И Мег с громким смехом развернулась, чтобы детектив смог обозреть ее пышные формы. Потом она угостила его крепким, только что заваренным чаем со сладким печеньем.
Детектив — это был тот самый Сангер, который участвовал в несостоявшемся аресте Тисдейла и тоже был горячим поклонником Клей, — припомнил, что даже в городе есть группы людей, чьи интересы так же специфичны и память такая же долгая, как у деревенских жителей, и в конце концов отыскал маленький домик в пригороде за рекой, где обитала с карликовым терьером и приемником миссис Станмерс. И терьера и приемник она получила при выходе на пенсию. Сама она после тридцати лет преподавания в начальной школе на Бизли-роуд не могла бы себе позволить даже одну из этих дорогих игрушек. Школа составляла всю ее жизнь, памятью о школе она жила до сих пор. Кристину Готобед она помнила прекрасно. Что мистер Сангер хочет узнать о ней? Ах, не просто мистер, а детектив? Она надеется, что ничего плохого не произошло. Все это было так давно, и потом она не поддерживала никаких связей с Кристиной. Немыслимо поддерживать связи с учениками, когда их у тебя по шестьдесят в одном только классе. Но девочка была многообещающая, очень многообещающая.
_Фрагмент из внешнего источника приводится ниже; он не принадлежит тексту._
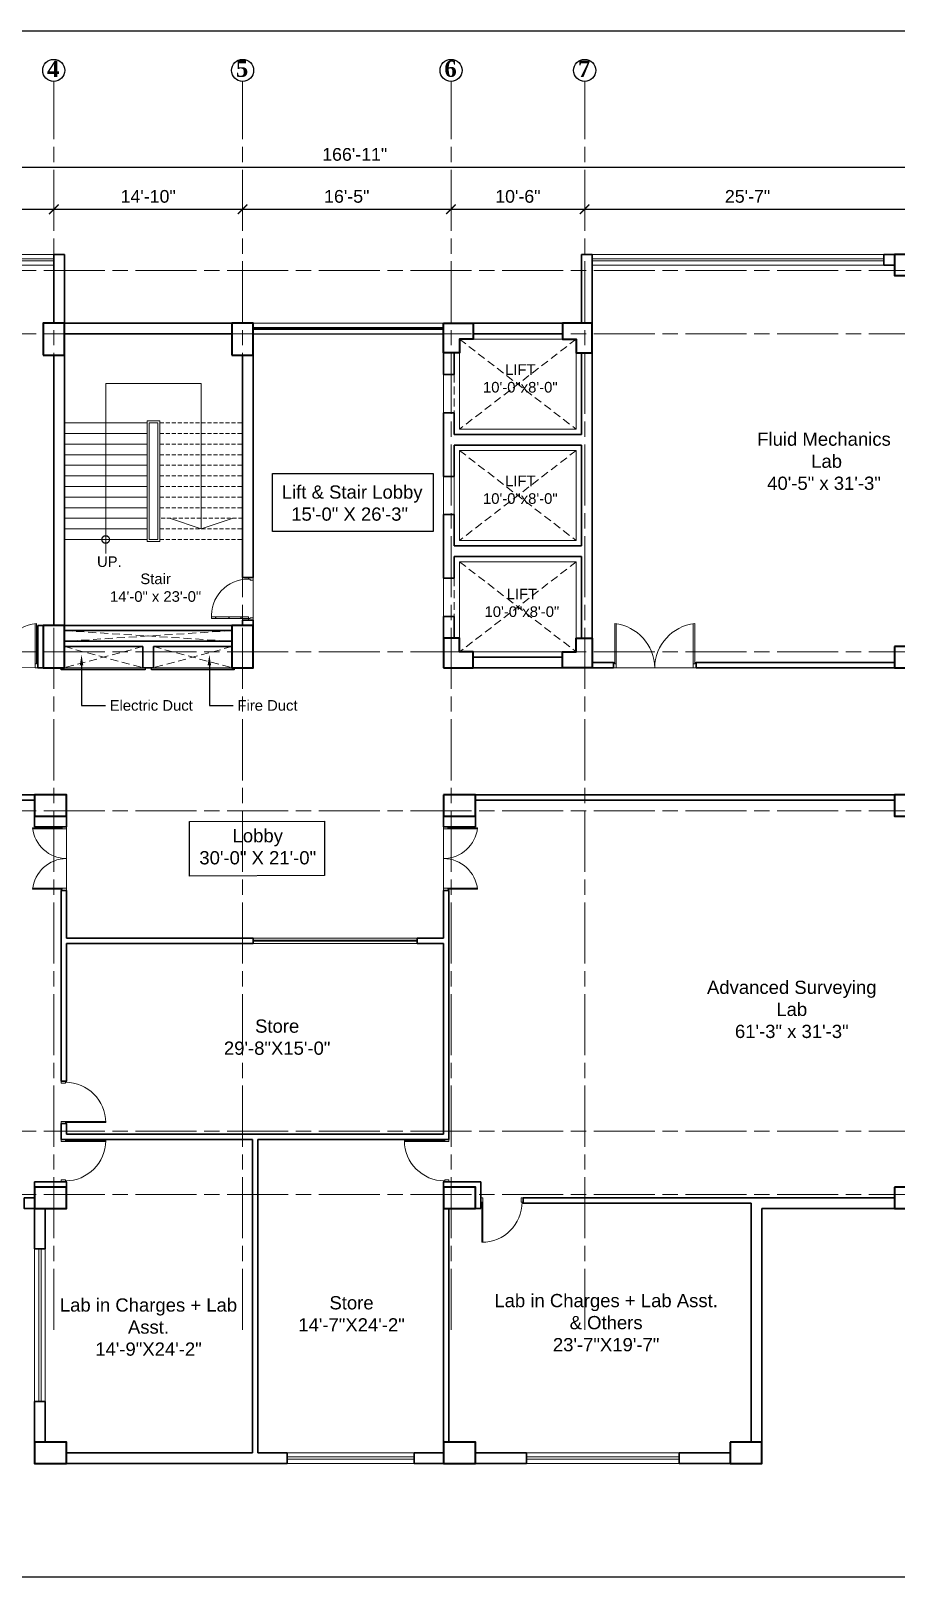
# Model space of a CAD drawing. Header units: inches. Extents: x -12 to 20935469, y -1604 to 24729220.
# Drawn here: x 20917551 to 20918366, y 24721123 to 24722582 of the extents above; entities that cross this region are included whole.
import ezdxf
from ezdxf import colors
from ezdxf.entities.mleader import LeaderData, LeaderLine
from ezdxf.math import Vec2, Vec3

# ---------------------------------------------------------------- set-up
doc = ezdxf.new("R2010")
doc.units = ezdxf.units.IN
doc.header["$LTSCALE"] = 0.03
doc.header["$MEASUREMENT"] = 0
doc.header["$PDMODE"] = 32
doc.header["$PDSIZE"] = 15
doc.linetypes.add('ACAD_ISO08W100', pattern=[36, 24, -3, 6, -3])
doc.linetypes.add('DASHED2', pattern=[0.375, 0.25, -0.125])
for name, color, linetype, lineweight in [('column', 1, 'Continuous', 40), ('Dim Line', 252, 'Continuous', 13), ('Door', 7, 'Continuous', 18), ('Dot', 253, 'Continuous', 0), ('Gas', 21, 'Continuous', 5), ('Grid Line', 252, 'Continuous', 18), ('Hatch', 253, 'Continuous', 15), ('Main Wall', 7, 'Continuous', 30), ('RAIL', 23, 'Continuous', 13), ('STAIR', 46, 'Continuous', 15), ('wind.', 150, 'Continuous', 20)]:
    doc.layers.add(name, color=color, linetype=linetype, lineweight=lineweight)
doc.layers.add('FUR', color=251, linetype='Continuous')
doc.layers.add('TEXT', color=7, linetype='Continuous')
doc.styles.add('2', font='swisscl.ttf')
doc.styles.add('RomanS', font='arial.ttf', dxfattribs={"height": 12})
doc.styles.get("Standard").update_dxf_attribs({"font": 'timesbd.ttf'})
doc.dimstyles.new('Aec_Arch_I', dxfattribs={"dimscale": 96, "dimtxt": 12, "dimasz": 0.09375, "dimexe": 0.125, "dimexo": 0.125, "dimgap": 0.0625, "dimtad": 1, "dimdec": 0, "dimzin": 3, "dimdsep": 46, "dimlunit": 4, "dimtxsty": 'RomanS', "dimblk1": 'ARCHTICK', "dimblk2": 'ARCHTICK', "dimsah": 1, "dimcen": 0.09375, "dimdle": 0.125, "dimadec": 0, "dimazin": 0, "dimtfac": 0.75, "dimtdec": 0, "dimtmove": 2, "dimatfit": 3, "dimldrblk": 'ARCHTICK', "dimfxl": 1, "dimfrac": 1, "dimtolj": 1, "dimtzin": 0, "dimarcsym": 0})

# ---------------------------------------------------------------- blocks, each defined once
blk = doc.blocks.new('Door_45')
at = {"layer": 'Door'}
for p, q in [((1.5, 5), (1.5, 44)), ((1.5, 40), (2.2, 40)), ((2.2, 40), (2.2, 39.5)), ((2.2, 39.5), (2.7, 39.5)), ((2.7, 39.5), (2.7, 40)), ((2.7, 40), (3.5, 40)), ((3.5, 44), (3.5, 5)), ((1.5, 25.8), (2.2, 25.8)), ((2.2, 25.8), (2.2, 25.3)), ((2.2, 25.3), (2.7, 25.3)), ((2.7, 25.8), (3.5, 25.8)), ((2.7, 25.3), (2.7, 25.8)), ((0, 0), (0, 5)), ((0, 5), (1.5, 5)), ((1.5, 12.6), (2.2, 12.6)), ((3.5, 5), (1.5, 5)), ((1.5, 5), (1.5, 3)), ((1.5, 3), (2.5, 3)), ((2.2, 12.6), (2.2, 13.1)), ((2.2, 13.1), (2.7, 13.1)), ((2.5, 3), (2.5, 0)), ((2.7, 13.1), (2.7, 12.6)), ((2.7, 12.6), (3.5, 12.6)), ((42.5, 3), (42.5, 0)), ((43.5, 3), (42.5, 3)), ((45, 5), (43.5, 5)), ((43.5, 5), (43.5, 3)), ((45, 0), (45, 5)), ((2.5, 0), (0, 0)), ((42.5, 0), (45, 0))]:
    blk.add_line(p, q, dxfattribs=at)
blk.add_arc((4.7, 5.3), 38.8, 359.6233, 94.6685, dxfattribs=at)
blk = doc.blocks.new('$D40')
at = {"layer": 'Door'}
for p, q in [((1, 4), (1, 42)), ((2, 0), (2, 42)), ((1, 5), (0, 5)), ((2, 0), (0, 0)), ((2, 4), (1, 4)), ((39, 4), (38, 4)), ((38, 4), (38, 0)), ((40, 0), (38, 0)), ((40, 5), (39, 5)), ((39, 5), (39, 4))]:
    blk.add_line(p, q, dxfattribs=at)
blk.add_arc((1, 4), 38, 0, 90, dxfattribs=at)
blk = doc.blocks.new('_ArchTick')
at = {"color": 0, "linetype": 'ByBlock', "lineweight": 35, "const_width": 0.15}
blk.add_lwpolyline([(-0.5, -0.5), (0.5, 0.5)], dxfattribs=at)
blk = doc.blocks.new('*D8')
at = {"layer": 'Defpoints', "color": 0, "transparency": 16777216}
for p in [(20831396.3, 24724578.2), (20831666.3, 24724578.2), (20831666.3, 24724578.2)]:
    blk.add_point(p, dxfattribs=at)
at = {"layer": 'Dim Line', "color": 0, "lineweight": -2, "transparency": 16777216}
blk.add_line((20831384.3, 24724578.2), (20831678.3, 24724578.2), dxfattribs=at)
at = {"layer": 'Dim Line', "color": 0, "lineweight": -2, "transparency": 16777216, "xscale": 9, "yscale": 9, "zscale": 9, "rotation": 180}
blk.add_blockref('_ArchTick', (20831396.3, 24724578.2), dxfattribs=at)
at = {"layer": 'Dim Line', "color": 0, "lineweight": -2, "transparency": 16777216, "xscale": 9, "yscale": 9, "zscale": 9}
blk.add_blockref('_ArchTick', (20831666.3, 24724578.2), dxfattribs=at)
at = {"layer": 'Dim Line', "color": 0, "transparency": 16777216, "insert": (20831531.3, 24724590.3), "char_height": 12, "attachment_point": 5, "style": 'RomanS'}
blk.add_mtext('\\A1;22\'-6"', dxfattribs=at)
blk = doc.blocks.new('*D9')
at = {"layer": 'Defpoints', "color": 0, "transparency": 16777216}
for p in [(20831666.3, 24724578.2), (20831844.3, 24724578.2), (20831844.3, 24724578.2)]:
    blk.add_point(p, dxfattribs=at)
at = {"layer": 'Dim Line', "color": 0, "lineweight": -2, "transparency": 16777216}
blk.add_line((20831654.3, 24724578.2), (20831856.3, 24724578.2), dxfattribs=at)
at = {"layer": 'Dim Line', "color": 0, "lineweight": -2, "transparency": 16777216, "xscale": 9, "yscale": 9, "zscale": 9, "rotation": 180}
blk.add_blockref('_ArchTick', (20831666.3, 24724578.2), dxfattribs=at)
at = {"layer": 'Dim Line', "color": 0, "lineweight": -2, "transparency": 16777216, "xscale": 9, "yscale": 9, "zscale": 9}
blk.add_blockref('_ArchTick', (20831844.3, 24724578.2), dxfattribs=at)
at = {"layer": 'Dim Line', "color": 0, "transparency": 16777216, "insert": (20831755.3, 24724590.3), "char_height": 12, "attachment_point": 5, "style": 'RomanS'}
blk.add_mtext('\\A1;14\'-10"', dxfattribs=at)
blk = doc.blocks.new('*D21')
at = {"layer": 'Defpoints', "color": 0, "transparency": 16777216}
for p in [(20831844.3, 24724578.2), (20832040.8, 24724578.2), (20832040.8, 24724578.2)]:
    blk.add_point(p, dxfattribs=at)
at = {"layer": 'Dim Line', "color": 0, "lineweight": -2, "transparency": 16777216}
for p, q in [((20831832.3, 24724578.2), (20832052.8, 24724578.2)), ((20831844.3, 24724566.2), (20831844.3, 24724566.2)), ((20832040.8, 24724566.2), (20832040.8, 24724566.2))]:
    blk.add_line(p, q, dxfattribs=at)
at = {"layer": 'Dim Line', "color": 0, "lineweight": -2, "transparency": 16777216, "xscale": 9, "yscale": 9, "zscale": 9, "rotation": 180}
blk.add_blockref('_ArchTick', (20831844.3, 24724578.2), dxfattribs=at)
at = {"layer": 'Dim Line', "color": 0, "lineweight": -2, "transparency": 16777216, "xscale": 9, "yscale": 9, "zscale": 9}
blk.add_blockref('_ArchTick', (20832040.8, 24724578.2), dxfattribs=at)
at = {"layer": 'Dim Line', "color": 0, "transparency": 16777216, "insert": (20831942.5, 24724590.3), "char_height": 12, "attachment_point": 5, "style": 'RomanS'}
blk.add_mtext('\\A1;16\'-5"', dxfattribs=at)
blk = doc.blocks.new('*D22')
at = {"layer": 'Defpoints', "color": 0, "transparency": 16777216}
for p in [(20832040.8, 24724578.2), (20832166.8, 24724578.2), (20832166.8, 24724578.2)]:
    blk.add_point(p, dxfattribs=at)
at = {"layer": 'Dim Line', "color": 0, "lineweight": -2, "transparency": 16777216}
for p, q in [((20832028.8, 24724578.2), (20832178.8, 24724578.2)), ((20832040.8, 24724566.2), (20832040.8, 24724566.2)), ((20832166.8, 24724566.2), (20832166.8, 24724566.2))]:
    blk.add_line(p, q, dxfattribs=at)
at = {"layer": 'Dim Line', "color": 0, "lineweight": -2, "transparency": 16777216, "xscale": 9, "yscale": 9, "zscale": 9, "rotation": 180}
blk.add_blockref('_ArchTick', (20832040.8, 24724578.2), dxfattribs=at)
at = {"layer": 'Dim Line', "color": 0, "lineweight": -2, "transparency": 16777216, "xscale": 9, "yscale": 9, "zscale": 9}
blk.add_blockref('_ArchTick', (20832166.8, 24724578.2), dxfattribs=at)
at = {"layer": 'Dim Line', "color": 0, "transparency": 16777216, "insert": (20832103.8, 24724590.3), "char_height": 12, "attachment_point": 5, "style": 'RomanS'}
blk.add_mtext('\\A1;10\'-6"', dxfattribs=at)
blk = doc.blocks.new('*D23')
at = {"layer": 'Defpoints', "color": 0, "transparency": 16777216}
for p in [(20832166.8, 24724578.2), (20832473.8, 24724578.2), (20832473.8, 24724578.2)]:
    blk.add_point(p, dxfattribs=at)
at = {"layer": 'Dim Line', "color": 0, "lineweight": -2, "transparency": 16777216}
for p, q in [((20832154.8, 24724578.2), (20832485.8, 24724578.2)), ((20832166.8, 24724566.2), (20832166.8, 24724566.2)), ((20832473.8, 24724566.2), (20832473.8, 24724566.2))]:
    blk.add_line(p, q, dxfattribs=at)
at = {"layer": 'Dim Line', "color": 0, "lineweight": -2, "transparency": 16777216, "xscale": 9, "yscale": 9, "zscale": 9, "rotation": 180}
blk.add_blockref('_ArchTick', (20832166.8, 24724578.2), dxfattribs=at)
at = {"layer": 'Dim Line', "color": 0, "lineweight": -2, "transparency": 16777216, "xscale": 9, "yscale": 9, "zscale": 9}
blk.add_blockref('_ArchTick', (20832473.8, 24724578.2), dxfattribs=at)
at = {"layer": 'Dim Line', "color": 0, "transparency": 16777216, "insert": (20832320.3, 24724590.3), "char_height": 12, "attachment_point": 5, "style": 'RomanS'}
blk.add_mtext('\\A1;25\'-7"', dxfattribs=at)
blk = doc.blocks.new('*D13')
at = {"layer": 'Defpoints', "color": 0, "transparency": 16777216}
for p in [(20830948.3, 24724610.7), (20832951.8, 24724617.8), (20832951.8, 24724610.7)]:
    blk.add_point(p, dxfattribs=at)
at = {"layer": 'Dim Line', "color": 0, "lineweight": -2, "transparency": 16777216}
for p, q in [((20830948.3, 24724622.7), (20830948.3, 24724629.8)), ((20832951.8, 24724622.7), (20832951.8, 24724629.8)), ((20830936.3, 24724617.8), (20832963.8, 24724617.8))]:
    blk.add_line(p, q, dxfattribs=at)
at = {"layer": 'Dim Line', "color": 0, "lineweight": -2, "transparency": 16777216, "xscale": 9, "yscale": 9, "zscale": 9, "rotation": 180}
blk.add_blockref('_ArchTick', (20830948.3, 24724617.8), dxfattribs=at)
at = {"layer": 'Dim Line', "color": 0, "lineweight": -2, "transparency": 16777216, "xscale": 9, "yscale": 9, "zscale": 9}
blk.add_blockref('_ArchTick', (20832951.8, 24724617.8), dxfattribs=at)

Сангер спросил, известно ли ей о том, что ее многообещающая девочка стала Кристиной Клей.
— Кристина Клей! Вы имеете в виду кинозвезду? Боже мой! Боже мой!
Сангер подумал было, что ее эмоции явно наигранны, но потом заметил, что маленькие старческие глаза полны слез. Она сняла пенсне и вытерла его аккуратно сложенным носовым платочком.
— Такая знаменитость! Бедное дитя, бедное, бедное дитя!
Сангер напомнил ей, с чем в данном случае связан всеобщий интерес к Кристине. Но мисс Станмерс, казалось, не столько волновала страшная смерть взрослой Кристины, сколько ее способности, когда она была еще подростком.
— Она, знаете ли, была очень честолюбива. Потому я ее так хорошо и запомнила. Не как остальные: тем только бы поскорее распрощаться со школой и начать самим зарабатывать деньги. Единственное, что интересует детей из бедных кварталов, — это иметь наконец собственные карманные деньги и поскорее покинуть свои перенаселенные квартиры. А Кристине хотелось продолжить образование. Она даже добилась стипендии и получила право бесплатно учиться дальше. Но семья не могла ей этого позволить. Помню, она тогда пришла ко мне в слезах. Это был единственный раз, когда я видела ее плачущей. Обычно она была очень сдержанной девочкой. Я вызвала ее мать. Довольно приятная женщина, но абсолютно бесхарактерная. Я не смогла ее убедить. Слабохарактерные люди умеют быть очень упрямыми. А я не могла забыть о своей неудаче долгие годы. Я очень сочувствовала ее честолюбивым стремлениям. У меня самой они были когда-то, но я… я была вынуждена о них забыть. Я понимала, как ей тяжело. Она окончила школу, и я потеряла ее из виду. Помню, она пошла работать на фабрику. Семья нуждалась. Там был еще безработный брат. Весьма неприятный юноша, я слышала. И материнская пенсия — совсем ничтожная. Значит, она все-таки сделала карьеру! Бедное дитя!
Перед уходом Сангер спросил ее, неужели она не читала статьи о детстве Кристины в воскресных выпусках. Воскресных газет она не получает, ответила мисс Станмерс, а ежедневные к ней обычно попадают с двух-трехдневным опозданием: ее соседи Томпкинсы — очень милые люди — отдают ей свои, но сейчас они уехали на море, и она не видит газет, кроме тех, что на уличных стендах. Но она не особенно ощущает их отсутствие. Это ведь дело привычки, не так ли, мистер Сангер? Стоит их не читать дня три, как потом и не ощущаешь в этом необходимости. Да и как-то без них спокойнее. В наши дни только настроение портят. У себя в тихом, скромном убежище ей даже трудно поверить, что в мире столько зла и насилия.